Provided information
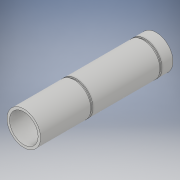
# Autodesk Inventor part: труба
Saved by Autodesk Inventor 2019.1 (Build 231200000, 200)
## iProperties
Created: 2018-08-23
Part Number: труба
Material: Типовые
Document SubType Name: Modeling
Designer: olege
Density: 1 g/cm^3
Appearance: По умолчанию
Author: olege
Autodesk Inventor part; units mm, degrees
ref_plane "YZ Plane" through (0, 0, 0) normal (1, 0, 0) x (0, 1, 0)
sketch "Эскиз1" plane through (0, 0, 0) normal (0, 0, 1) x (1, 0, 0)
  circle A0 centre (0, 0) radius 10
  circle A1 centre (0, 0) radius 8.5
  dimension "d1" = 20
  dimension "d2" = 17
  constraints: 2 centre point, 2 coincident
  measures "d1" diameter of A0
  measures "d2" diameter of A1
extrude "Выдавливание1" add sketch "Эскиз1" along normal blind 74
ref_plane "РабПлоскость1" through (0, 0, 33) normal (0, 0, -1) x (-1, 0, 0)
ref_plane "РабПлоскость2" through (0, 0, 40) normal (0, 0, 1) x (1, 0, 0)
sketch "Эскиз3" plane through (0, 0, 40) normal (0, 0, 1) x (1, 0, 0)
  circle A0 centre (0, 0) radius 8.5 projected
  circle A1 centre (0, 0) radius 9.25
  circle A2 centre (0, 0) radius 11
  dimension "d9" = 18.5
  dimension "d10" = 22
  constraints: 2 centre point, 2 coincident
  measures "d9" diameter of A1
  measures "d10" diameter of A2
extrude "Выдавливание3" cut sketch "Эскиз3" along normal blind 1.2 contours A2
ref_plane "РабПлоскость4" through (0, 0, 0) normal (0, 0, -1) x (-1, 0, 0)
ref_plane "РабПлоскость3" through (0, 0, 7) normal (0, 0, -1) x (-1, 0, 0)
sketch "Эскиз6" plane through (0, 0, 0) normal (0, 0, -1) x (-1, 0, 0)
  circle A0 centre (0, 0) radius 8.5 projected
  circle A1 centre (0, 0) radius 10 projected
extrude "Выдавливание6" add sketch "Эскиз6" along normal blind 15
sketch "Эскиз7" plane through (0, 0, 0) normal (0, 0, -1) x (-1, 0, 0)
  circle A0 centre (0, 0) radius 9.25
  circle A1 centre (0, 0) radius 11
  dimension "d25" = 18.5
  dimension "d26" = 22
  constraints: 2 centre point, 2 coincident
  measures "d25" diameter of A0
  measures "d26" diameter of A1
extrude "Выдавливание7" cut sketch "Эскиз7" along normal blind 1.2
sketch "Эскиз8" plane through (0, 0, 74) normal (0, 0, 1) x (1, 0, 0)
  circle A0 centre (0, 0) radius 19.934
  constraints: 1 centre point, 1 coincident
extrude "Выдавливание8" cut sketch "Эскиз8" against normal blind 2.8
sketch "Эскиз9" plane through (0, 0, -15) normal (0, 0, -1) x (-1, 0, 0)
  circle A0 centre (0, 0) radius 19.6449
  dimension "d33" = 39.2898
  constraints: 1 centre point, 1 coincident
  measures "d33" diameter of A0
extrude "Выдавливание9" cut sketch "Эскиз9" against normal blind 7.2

Task brief
Leave out the pictures and repeat the lines from the start of the material through the line with "circle A0 centre (0, 0) radius 19.6449", inclusive.

Task answer
# Autodesk Inventor part: труба
Saved by Autodesk Inventor 2019.1 (Build 231200000, 200)
## iProperties
Created: 2018-08-23
Part Number: труба
Material: Типовые
Document SubType Name: Modeling
Designer: olege
Density: 1 g/cm^3
Appearance: По умолчанию
Author: olege
Autodesk Inventor part; units mm, degrees
ref_plane "YZ Plane" through (0, 0, 0) normal (1, 0, 0) x (0, 1, 0)
sketch "Эскиз1" plane through (0, 0, 0) normal (0, 0, 1) x (1, 0, 0)
  circle A0 centre (0, 0) radius 10
  circle A1 centre (0, 0) radius 8.5
  dimension "d1" = 20
  dimension "d2" = 17
  constraints: 2 centre point, 2 coincident
  measures "d1" diameter of A0
  measures "d2" diameter of A1
extrude "Выдавливание1" add sketch "Эскиз1" along normal blind 74
ref_plane "РабПлоскость1" through (0, 0, 33) normal (0, 0, -1) x (-1, 0, 0)
ref_plane "РабПлоскость2" through (0, 0, 40) normal (0, 0, 1) x (1, 0, 0)
sketch "Эскиз3" plane through (0, 0, 40) normal (0, 0, 1) x (1, 0, 0)
  circle A0 centre (0, 0) radius 8.5 projected
  circle A1 centre (0, 0) radius 9.25
  circle A2 centre (0, 0) radius 11
  dimension "d9" = 18.5
  dimension "d10" = 22
  constraints: 2 centre point, 2 coincident
  measures "d9" diameter of A1
  measures "d10" diameter of A2
extrude "Выдавливание3" cut sketch "Эскиз3" along normal blind 1.2 contours A2
ref_plane "РабПлоскость4" through (0, 0, 0) normal (0, 0, -1) x (-1, 0, 0)
ref_plane "РабПлоскость3" through (0, 0, 7) normal (0, 0, -1) x (-1, 0, 0)
sketch "Эскиз6" plane through (0, 0, 0) normal (0, 0, -1) x (-1, 0, 0)
  circle A0 centre (0, 0) radius 8.5 projected
  circle A1 centre (0, 0) radius 10 projected
extrude "Выдавливание6" add sketch "Эскиз6" along normal blind 15
sketch "Эскиз7" plane through (0, 0, 0) normal (0, 0, -1) x (-1, 0, 0)
  circle A0 centre (0, 0) radius 9.25
  circle A1 centre (0, 0) radius 11
  dimension "d25" = 18.5
  dimension "d26" = 22
  constraints: 2 centre point, 2 coincident
  measures "d25" diameter of A0
  measures "d26" diameter of A1
extrude "Выдавливание7" cut sketch "Эскиз7" along normal blind 1.2
sketch "Эскиз8" plane through (0, 0, 74) normal (0, 0, 1) x (1, 0, 0)
  circle A0 centre (0, 0) radius 19.934
  constraints: 1 centre point, 1 coincident
extrude "Выдавливание8" cut sketch "Эскиз8" against normal blind 2.8
sketch "Эскиз9" plane through (0, 0, -15) normal (0, 0, -1) x (-1, 0, 0)
  circle A0 centre (0, 0) radius 19.6449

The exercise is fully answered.